[Stored entries]
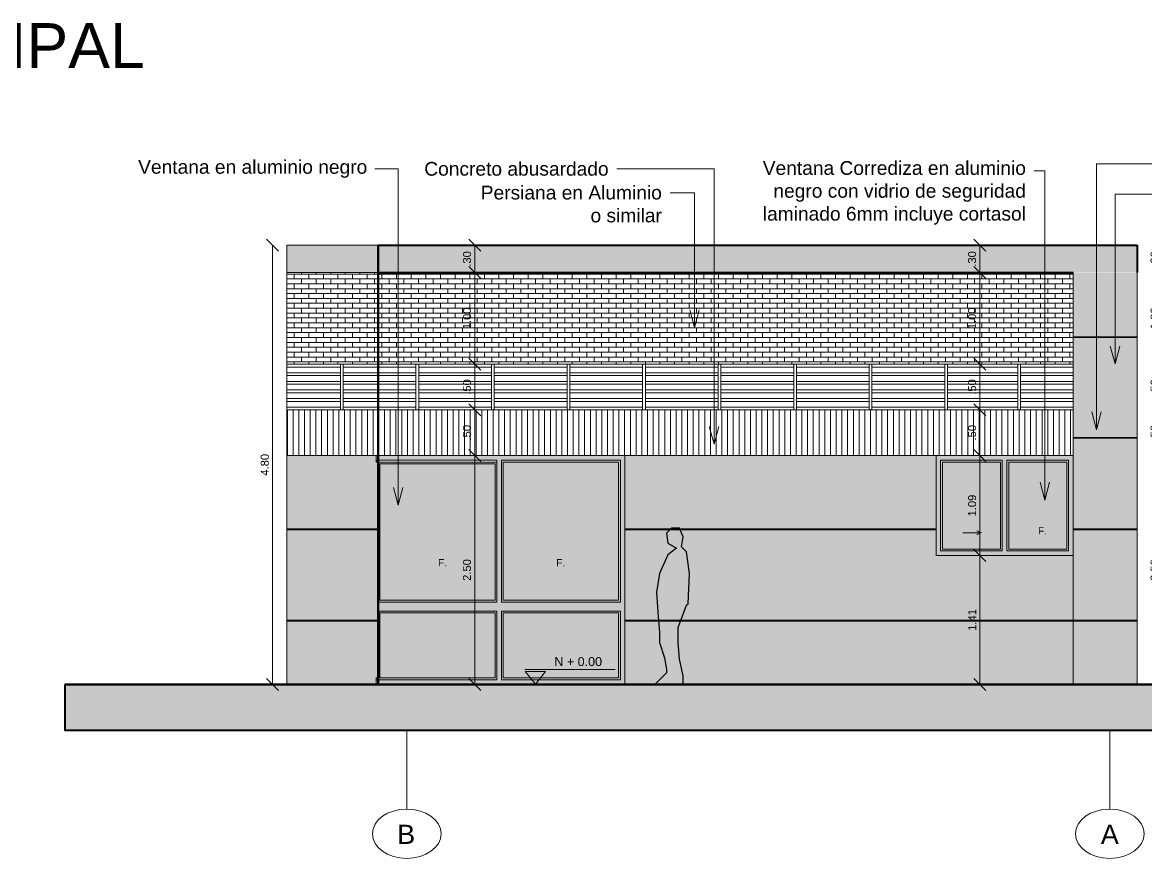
# Model space of a CAD drawing. Header units: metres. Extents: x 98211 to 98447, y 101204 to 101327.
# Drawn here: x 98428.15 to 98440.44, y 101306.6 to 101315.74 of the extents above; entities that cross this region are included whole.
import ezdxf
from ezdxf import colors
from ezdxf.entities.mleader import LeaderData, LeaderLine
from ezdxf.enums import TextEntityAlignment as Align
from ezdxf.math import Vec2, Vec3

# ---------------------------------------------------------------- set-up
doc = ezdxf.new("R2010")
doc.units = ezdxf.units.M
doc.header["$LTSCALE"] = 8
doc.header["$MEASUREMENT"] = 0
doc.header["$PDMODE"] = 1
doc.linetypes.add('DASHDOTX2', pattern=[2, 1, -0.5, 0, -0.5])
doc.layers.get('0').update_dxf_attribs({"linetype": 'CONTINUOUS', "lineweight": 9})
doc.layers.get('DEFPOINTS').update_dxf_attribs({"linetype": 'CONTINUOUS'})
for name, color, linetype, lineweight in [('A-PLAN-ACHU1', 105, 'CONTINUOUS', 9), ('A-PUER', 36, 'CONTINUOUS', 13), ('A-VENT', 1, 'CONTINUOUS', 15), ('A_ACHURADADOS', 9, 'CONTINUOUS', 0), ('A_CARP-MAD', 46, 'CONTINUOUS', 18), ('A_EJES', 75, 'DASHDOTX2', 5), ('A_MURO-ACHU', 254, 'CONTINUOUS', 0), ('A_PLAN-1', 7, 'CONTINUOUS', 60), ('A_PLAN-3', 51, 'CONTINUOUS', 40), ('A_PLAN-5', 100, 'CONTINUOUS', 20), ('A_PLAN-8', 8, 'CONTINUOUS', 13), ('A_TEXT-DIM', 54, 'CONTINUOUS', 13), ('A_TEXT-IDEN', 5, 'CONTINUOUS', 18), ('A_TEXT-NIVL', 54, 'CONTINUOUS', 20), ('A_TEXT-NOTA', 53, 'CONTINUOUS', 20), ('A_TEXT-SIMB', 195, 'CONTINUOUS', 20), ('A_TEXT-TITL', 6, 'CONTINUOUS', 20), ('A_VENT', 124, 'CONTINUOUS', 18), ('A_ZONA INTERVENCIÓN', 10, 'CONTINUOUS', 60)]:
    doc.layers.add(name, color=color, linetype=linetype, lineweight=lineweight)
doc.layers.add('ALZADOS$0$personas', color=7, linetype='CONTINUOUS')
doc.layers.add('ALZADOS$0$tr-blanco', color=7, linetype='CONTINUOUS')
doc.styles.add('ARIAL', font='arial.ttf')
doc.styles.add('DIM', font='arial.ttf')
doc.dimstyles.new('BAN_REP_1-50-2', dxfattribs={"dimtxt": 0.0875, "dimasz": 0.1313, "dimexe": 0.15, "dimexo": 0.03, "dimgap": 0.04, "dimtad": 1, "dimzin": 4, "dimdsep": 46, "dimtxsty": 'ARIAL', "dimblk": 'OBLIQUE', "dimcen": 0.075, "dimse1": 1, "dimse2": 1, "dimclrd": 256, "dimclre": 256, "dimclrt": 256, "dimadec": 0, "dimazin": 0, "dimtfac": 1, "dimtix": 1, "dimtofl": 0, "dimtmove": 1, "dimatfit": 3, "dimldrblk": 'OPEN90', "dimfxl": 1, "dimtolj": 1, "dimtzin": 0, "dimlwd": -1, "dimlwe": -1, "dimarcsym": 0})

# ---------------------------------------------------------------- blocks, each defined once
blk = doc.blocks.new('EJE')
at = {"layer": 'A_TEXT-SIMB'}
blk.add_ellipse((0, 0), major_axis=(-0.625, 0), ratio=0.72, dxfattribs=at)
at = {"layer": 'A_TEXT-IDEN', "style": 'ARIAL'}
blk.add_attdef('EJE', text='', height=0.35, dxfattribs=at).set_placement((0, -0.184), align=Align.CENTER)
blk = doc.blocks.new('Ventana 03-2')
at = {"layer": 'A-PLAN-ACHU1'}
h = blk.add_hatch(color=256, dxfattribs=at)
h.dxf.hatch_style = 1
h.set_gradient(color1=(91, 91, 91), color2=(173, 173, 173), tint=1)
h.paths.add_polyline_path([(99437.005, 101761.285), (99437.005, 101759.735), (99438.305, 101759.735), (99438.305, 101761.285)])
h.paths.add_polyline_path([(99437.025, 101761.265), (99438.285, 101761.265), (99438.285, 101759.755), (99437.025, 101759.755)], flags=16)
h = blk.add_hatch(color=256, dxfattribs=at)
h.dxf.hatch_style = 1
h.set_gradient(color1=(91, 91, 91), color2=(173, 173, 173), tint=1)
h.paths.add_polyline_path([(99435.655, 101761.265), (99435.655, 101759.735), (99436.955, 101759.735), (99436.955, 101761.265)])
h.paths.add_polyline_path([(99435.675, 101761.245), (99436.935, 101761.245), (99436.935, 101759.755), (99435.675, 101759.755)], flags=16)
at = {"layer": 'A-PLAN-ACHU1', "true_color": 0x53c6c6, "transparency": 33554610}
h = blk.add_hatch(color=133, dxfattribs=at)
h.dxf.hatch_style = 1
h.set_gradient(color1=(158, 231, 255), tint=1)
h.paths.add_polyline_path([(99435.675, 101761.245), (99435.675, 101759.755), (99436.935, 101759.755), (99436.935, 101761.245)])
h = blk.add_hatch(color=133, dxfattribs=at)
h.dxf.hatch_style = 1
h.set_gradient(color1=(158, 231, 255), rotation=180, tint=1)
h.paths.add_polyline_path([(99438.285, 101761.265), (99437.025, 101761.265), (99437.025, 101759.755), (99438.285, 101759.755)])
at = {"layer": 'A-PLAN-ACHU1'}
h = blk.add_hatch(color=256, dxfattribs=at)
h.dxf.hatch_style = 1
h.set_gradient(color1=(91, 91, 91), color2=(173, 173, 173), tint=1)
h.paths.add_polyline_path([(99435.655, 101759.635), (99435.655, 101758.885), (99436.955, 101758.885), (99436.955, 101759.635)])
h.paths.add_polyline_path([(99435.675, 101759.615), (99436.935, 101759.615), (99436.935, 101758.905), (99435.675, 101758.905)], flags=16)
at = {"layer": 'A-PLAN-ACHU1', "true_color": 0x53c6c6, "transparency": 33554610}
h = blk.add_hatch(color=133, dxfattribs=at)
h.dxf.hatch_style = 1
h.set_gradient(color1=(158, 231, 255), tint=1)
h.paths.add_polyline_path([(99436.935, 101759.615), (99435.675, 101759.615), (99435.675, 101758.905), (99436.935, 101758.905)])
at = {"layer": 'A-PLAN-ACHU1'}
h = blk.add_hatch(color=256, dxfattribs=at)
h.dxf.hatch_style = 1
h.set_gradient(color1=(91, 91, 91), color2=(173, 173, 173), tint=1)
h.paths.add_polyline_path([(99437.005, 101759.635), (99437.005, 101758.885), (99438.305, 101758.885), (99438.305, 101759.635)])
h.paths.add_polyline_path([(99437.025, 101759.615), (99438.285, 101759.615), (99438.285, 101758.905), (99437.025, 101758.905)], flags=16)
at = {"layer": 'A-PLAN-ACHU1', "true_color": 0x53c6c6, "transparency": 33554610}
h = blk.add_hatch(color=133, dxfattribs=at)
h.dxf.hatch_style = 1
h.set_gradient(color1=(158, 231, 255), rotation=180, tint=1)
h.paths.add_polyline_path([(99437.025, 101759.615), (99437.025, 101758.905), (99438.285, 101758.905), (99438.285, 101759.615)])
at = {"layer": 'A-PUER', "transparency": 33554687}
h = blk.add_hatch(color=256, dxfattribs=at)
h.dxf.hatch_style = 1
h.set_gradient(color1=(91, 91, 91), color2=(214, 214, 214), rotation=199.8707, tint=1, name='CURVED')
h.paths.add_polyline_path([(99436.955, 101759.635), (99436.955, 101758.885), (99435.655, 101758.885), (99435.635, 101758.885), (99435.635, 101758.835), (99438.355, 101758.835), (99438.355, 101761.335), (99435.635, 101761.335), (99435.635, 101761.285), (99436.955, 101761.285), (99436.955, 101759.735), (99435.655, 101759.735), (99435.655, 101759.635)])
h.paths.add_polyline_path([(99437.005, 101759.635), (99438.305, 101759.635), (99438.305, 101758.885), (99437.005, 101758.885)], flags=16)
h.paths.add_polyline_path([(99437.005, 101759.735), (99437.005, 101761.285), (99438.305, 101761.285), (99438.305, 101759.735)], flags=16)
h.paths.add_polyline_path([(99437.025, 101759.615), (99438.285, 101759.615), (99438.285, 101758.905), (99437.025, 101758.905)], flags=0)
h.paths.add_polyline_path([(99437.025, 101759.755), (99437.025, 101761.265), (99438.285, 101761.265), (99438.285, 101759.755)], flags=0)
at = {"layer": 'A-VENT'}
for points in [[(99436.955, 101759.735), (99436.955, 101761.285)], [(99436.955, 101759.735), (99435.655, 101759.735), (99435.655, 101761.265), (99436.955, 101761.265)], [(99436.955, 101758.885), (99435.655, 101758.885), (99435.655, 101759.635), (99436.955, 101759.635)], [(99436.955, 101758.885), (99436.955, 101759.635)], [(99437.005, 101759.635), (99437.005, 101758.885)]]:
    blk.add_lwpolyline(points, dxfattribs=at)
for points in [[(99437.005, 101761.285), (99438.305, 101761.285), (99438.305, 101759.735), (99437.005, 101759.735)], [(99435.655, 101761.265), (99436.955, 101761.265), (99436.955, 101759.735), (99435.655, 101759.735)], [(99435.655, 101759.635), (99436.955, 101759.635), (99436.955, 101758.885), (99435.655, 101758.885)], [(99437.005, 101759.635), (99438.305, 101759.635), (99438.305, 101758.885), (99437.005, 101758.885)]]:
    blk.add_lwpolyline(points, close=True, dxfattribs=at)
at = {"layer": 'A_PLAN-8'}
for points in [[(99435.675, 101761.245), (99436.935, 101761.245), (99436.935, 101759.755), (99435.675, 101759.755)], [(99437.025, 101761.265), (99438.285, 101761.265), (99438.285, 101759.755), (99437.025, 101759.755)], [(99435.675, 101759.615), (99436.935, 101759.615), (99436.935, 101758.905), (99435.675, 101758.905)], [(99437.025, 101759.615), (99438.285, 101759.615), (99438.285, 101758.905), (99437.025, 101758.905)]]:
    blk.add_lwpolyline(points, close=True, dxfattribs=at)
at = {"layer": 'A_VENT'}
for p, q in [((99438.355, 101761.335), (99435.635, 101761.335)), ((99435.635, 101761.265), (99435.635, 101761.335)), ((99436.955, 101761.285), (99435.635, 101761.285)), ((99438.355, 101761.335), (99438.355, 101758.835)), ((99435.655, 101761.265), (99435.635, 101761.265)), ((99435.655, 101761.265), (99435.655, 101758.905)), ((99435.655, 101759.735), (99436.955, 101759.735)), ((99437.005, 101759.735), (99438.305, 101759.735)), ((99435.655, 101759.635), (99436.955, 101759.635)), ((99438.305, 101759.635), (99438.305, 101758.885)), ((99435.655, 101758.905), (99435.635, 101758.905)), ((99435.635, 101758.905), (99435.635, 101758.835)), ((99436.955, 101758.885), (99435.635, 101758.885)), ((99438.355, 101758.835), (99435.635, 101758.835)), ((99438.305, 101758.885), (99437.005, 101758.885))]:
    blk.add_line(p, q, dxfattribs=at)
at = {"layer": 'A_TEXT-DIM', "color": 1, "char_height": 0.08, "width": 18.16291, "attachment_point": 1, "style": 'DIM'}
for insert in [(99436.311, 101760.204), (99437.603, 101760.204)]:
    blk.add_mtext('F.', dxfattribs=dict(at, insert=insert))
blk = doc.blocks.new('Ventana 09')
at = {"layer": 'A-PLAN-ACHU1'}
h = blk.add_hatch(color=256, dxfattribs=at)
h.dxf.hatch_style = 1
h.set_gradient(color1=(91, 91, 91), color2=(173, 173, 173), tint=1)
h.paths.add_polyline_path([(99448.307, 101756.384), (99448.307, 101755.392), (99448.982, 101755.392), (99448.982, 101756.384)])
h.paths.add_polyline_path([(99448.962, 101756.364), (99448.962, 101755.412), (99448.327, 101755.412), (99448.327, 101756.364)], flags=16)
at = {"layer": 'A-PLAN-ACHU1', "true_color": 0x53c6c6, "transparency": 33554610}
h = blk.add_hatch(color=133, dxfattribs=at)
h.dxf.hatch_style = 1
h.set_gradient(color1=(158, 231, 255), tint=1)
h.paths.add_polyline_path([(99448.327, 101755.412), (99448.962, 101755.412), (99448.962, 101756.364), (99448.327, 101756.364)])
at = {"layer": 'A-PLAN-ACHU1'}
h = blk.add_hatch(color=256, dxfattribs=at)
h.dxf.hatch_style = 1
h.set_gradient(color1=(91, 91, 91), color2=(173, 173, 173), tint=1)
h.paths.add_polyline_path([(99449.032, 101756.384), (99449.032, 101755.392), (99449.707, 101755.392), (99449.707, 101756.384)])
h.paths.add_polyline_path([(99449.687, 101756.364), (99449.687, 101755.412), (99449.052, 101755.412), (99449.052, 101756.364)], flags=16)
at = {"layer": 'A-PLAN-ACHU1', "true_color": 0x53c6c6, "transparency": 33554610}
h = blk.add_hatch(color=133, dxfattribs=at)
h.dxf.hatch_style = 1
h.set_gradient(color1=(158, 231, 255), rotation=180, tint=1)
h.paths.add_polyline_path([(99449.052, 101755.412), (99449.687, 101755.412), (99449.687, 101756.364), (99449.052, 101756.364)])
at = {"layer": 'A-PUER', "transparency": 33554687}
h = blk.add_hatch(color=256, dxfattribs=at)
h.dxf.hatch_style = 1
h.set_gradient(color1=(91, 91, 91), color2=(214, 214, 214), rotation=199.8707, tint=1, name='CURVED')
h.paths.add_polyline_path([(99448.257, 101756.434), (99448.257, 101755.342), (99449.757, 101755.342), (99449.757, 101756.434)])
h.paths.add_polyline_path([(99449.032, 101756.384), (99449.707, 101756.384), (99449.707, 101755.392), (99449.032, 101755.392)], flags=16)
h.paths.add_polyline_path([(99448.982, 101756.384), (99448.982, 101755.392), (99448.307, 101755.392), (99448.307, 101756.384)], flags=16)
h.paths.add_polyline_path([(99449.052, 101756.364), (99449.687, 101756.364), (99449.687, 101755.412), (99449.052, 101755.412)], flags=0)
h.paths.add_polyline_path([(99448.962, 101756.364), (99448.962, 101755.412), (99448.327, 101755.412), (99448.327, 101756.364)], flags=0)
at = {"layer": 'A-VENT'}
for points in [[(99448.257, 101756.434), (99449.757, 101756.434), (99449.757, 101755.342), (99448.257, 101755.342)], [(99448.982, 101756.384), (99448.982, 101755.392), (99448.307, 101755.392), (99448.307, 101756.384)], [(99449.032, 101755.392), (99449.032, 101756.384), (99449.707, 101756.384), (99449.707, 101755.392)]]:
    blk.add_lwpolyline(points, close=True, dxfattribs=at)
at = {"layer": 'A-VENT', "const_width": 0.00916}
blk.add_lwpolyline([(99448.548, 101755.591), (99448.747, 101755.591), (99448.701, 101755.569), (99448.747, 101755.591), (99448.701, 101755.614)], dxfattribs=at)
at = {"layer": 'A_PLAN-8'}
for points in [[(99448.962, 101756.364), (99448.962, 101755.412), (99448.327, 101755.412), (99448.327, 101756.364)], [(99449.052, 101755.412), (99449.052, 101756.364), (99449.687, 101756.364), (99449.687, 101755.412)]]:
    blk.add_lwpolyline(points, close=True, dxfattribs=at)
at = {"layer": 'A_TEXT-DIM', "color": 1, "insert": (99449.372, 101755.652), "char_height": 0.08, "width": 18.16291, "attachment_point": 1, "style": 'DIM'}
blk.add_mtext('F.', dxfattribs=at)
blk = doc.blocks.new('_Open30')
at = {"color": 0, "linetype": 'ByBlock', "lineweight": -2}
for p, q in [((-1, 0.268), (0, 0)), ((0, 0), (-1, -0.268)), ((0, 0), (-1, 0))]:
    blk.add_line(p, q, dxfattribs=at)
blk = doc.blocks.new('NIVEL ARQUITECTONICO')
at = {"layer": 'A_TEXT-NIVL'}
blk.add_line((-0.88, 0), (0, 0), dxfattribs=at)
blk.add_lwpolyline([(-0.776, -0.146), (-0.678, -0.021), (-0.878, -0.021)], close=True, dxfattribs=at)
at = {"layer": 'A_TEXT-NOTA', "linetype": 'Continuous', "style": 'ARIAL'}
blk.add_attdef('Q', (-0.592, 0.032), '', height=0.0875, dxfattribs=at)
blk = doc.blocks.new('ALZADOS$0$05')
at = {"layer": 'ALZADOS$0$tr-blanco'}
blk.add_hatch(color=256, dxfattribs=at).paths.add_polyline_path([(0.133, 1.798), (0.191, 1.74), (0.174, 1.624), (0.075, 1.566), (0.174, 1.491), (0.273, 1.276), (0.307, 1.061), (0.29, 0.829), (0.273, 0.597), (0.273, 0.481), (0.215, 0.307), (0.191, 0.174), (0.191, 0.133), (0.249, 0.075), (0.326, 0), (0, 0), (0, 0.099), (0.041, 0.29), (0.058, 0.481), (0.058, 0.655), (-0.041, 0.911), (-0.058, 0.928), (-0.075, 1.276), (-0.041, 1.525), (0.017, 1.583), (0, 1.699), (0.041, 1.798)])
for p, q in [((0, 1.699), (0.041, 1.798)), ((0.017, 1.583), (0, 1.699)), ((0.041, 1.798), (0.133, 1.798)), ((0.133, 1.798), (0.191, 1.74)), ((0.191, 1.74), (0.174, 1.624)), ((-0.041, 1.525), (0.017, 1.583)), ((0.174, 1.624), (0.075, 1.566)), ((0.075, 1.566), (0.174, 1.491)), ((-0.075, 1.276), (-0.041, 1.525)), ((0.174, 1.491), (0.273, 1.276)), ((-0.058, 0.928), (-0.075, 1.276)), ((0.273, 1.276), (0.307, 1.061)), ((0.307, 1.061), (0.29, 0.829)), ((-0.041, 0.911), (-0.058, 0.928)), ((0.058, 0.655), (-0.041, 0.911)), ((0.29, 0.829), (0.273, 0.597)), ((0.058, 0.481), (0.058, 0.655)), ((0.273, 0.597), (0.273, 0.481)), ((0.041, 0.29), (0.058, 0.481)), ((0.273, 0.481), (0.215, 0.307)), ((0, 0.099), (0.041, 0.29)), ((0.215, 0.307), (0.191, 0.174)), ((0.191, 0.174), (0.191, 0.133)), ((0.191, 0.133), (0.249, 0.075)), ((0, 0), (0, 0.099)), ((0, 0), (0.326, 0)), ((0.249, 0.075), (0.326, 0))]:
    blk.add_line(p, q)
blk = doc.blocks.new('_Oblique')
at = {"color": 0, "linetype": 'ByBlock', "lineweight": -2}
blk.add_line((-0.5, -0.5), (0.5, 0.5), dxfattribs=at)
blk = doc.blocks.new('*D217')
at = {"layer": 'A_TEXT-DIM', "transparency": 16777216}
blk.add_line((98440.614, 101308.501), (98440.614, 101311.001), dxfattribs=at)
at = {"layer": 'DEFPOINTS', "color": 0, "transparency": 16777216}
for p in [(98440.339, 101311.001), (98440.614, 101311.001), (98440.339, 101308.501)]:
    blk.add_point(p, dxfattribs=at)
at = {"layer": 'A_TEXT-DIM', "transparency": 16777216, "xscale": 0.1313, "yscale": 0.1313, "zscale": 0.1313}
for p, rotation in [((98440.614, 101311.001), 90), ((98440.614, 101308.501), 270)]:
    blk.add_blockref('_Oblique', p, dxfattribs=dict(at, rotation=rotation))
at = {"layer": 'A_TEXT-DIM', "transparency": 16777216, "insert": (98440.529, 101309.751), "char_height": 0.0875, "attachment_point": 5, "rotation": 90, "style": 'ARIAL'}
blk.add_mtext('\\A1;2.50', dxfattribs=at)
blk = doc.blocks.new('_Open90')
at = {"color": 0, "linetype": 'ByBlock', "lineweight": -2}
for p, q in [((0, 0), (-1, 0)), ((-0.5, 0.5), (0, 0)), ((0, 0), (-0.5, -0.5))]:
    blk.add_line(p, q, dxfattribs=at)
blk = doc.blocks.new('*D218')
at = {"layer": 'A_TEXT-DIM', "transparency": 16777216}
blk.add_line((98440.614, 101311.001), (98440.614, 101311.501), dxfattribs=at)
at = {"layer": 'DEFPOINTS', "color": 0, "transparency": 16777216}
for p in [(98440.329, 101311.501, -1193.422), (98440.614, 101311.501), (98440.339, 101311.001)]:
    blk.add_point(p, dxfattribs=at)
at = {"layer": 'A_TEXT-DIM', "transparency": 16777216, "xscale": 0.1313, "yscale": 0.1313, "zscale": 0.1313}
for p, rotation in [((98440.614, 101311.501), 90), ((98440.614, 101311.001), 270)]:
    blk.add_blockref('_Oblique', p, dxfattribs=dict(at, rotation=rotation))
at = {"layer": 'A_TEXT-DIM', "transparency": 16777216, "insert": (98440.529, 101311.251), "char_height": 0.0875, "attachment_point": 5, "rotation": 90, "style": 'ARIAL'}
blk.add_mtext('\\A1;.50', dxfattribs=at)
blk = doc.blocks.new('*D219')
at = {"layer": 'A_TEXT-DIM', "transparency": 16777216}
blk.add_line((98440.614, 101311.501), (98440.614, 101312.001), dxfattribs=at)
at = {"layer": 'DEFPOINTS', "color": 0, "transparency": 16777216}
for p in [(98440.329, 101312.001, -1193.422), (98440.614, 101312.001), (98440.329, 101311.501, -1193.422)]:
    blk.add_point(p, dxfattribs=at)
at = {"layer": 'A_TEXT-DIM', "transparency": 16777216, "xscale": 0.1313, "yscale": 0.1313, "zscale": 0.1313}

Problem:
Read through the records above and copy the lines that contain "ALZADOS".

Response to this exercise:
doc.layers.add('ALZADOS$0$personas', color=7, linetype='CONTINUOUS')
doc.layers.add('ALZADOS$0$tr-blanco', color=7, linetype='CONTINUOUS')
blk = doc.blocks.new('ALZADOS$0$05')
at = {"layer": 'ALZADOS$0$tr-blanco'}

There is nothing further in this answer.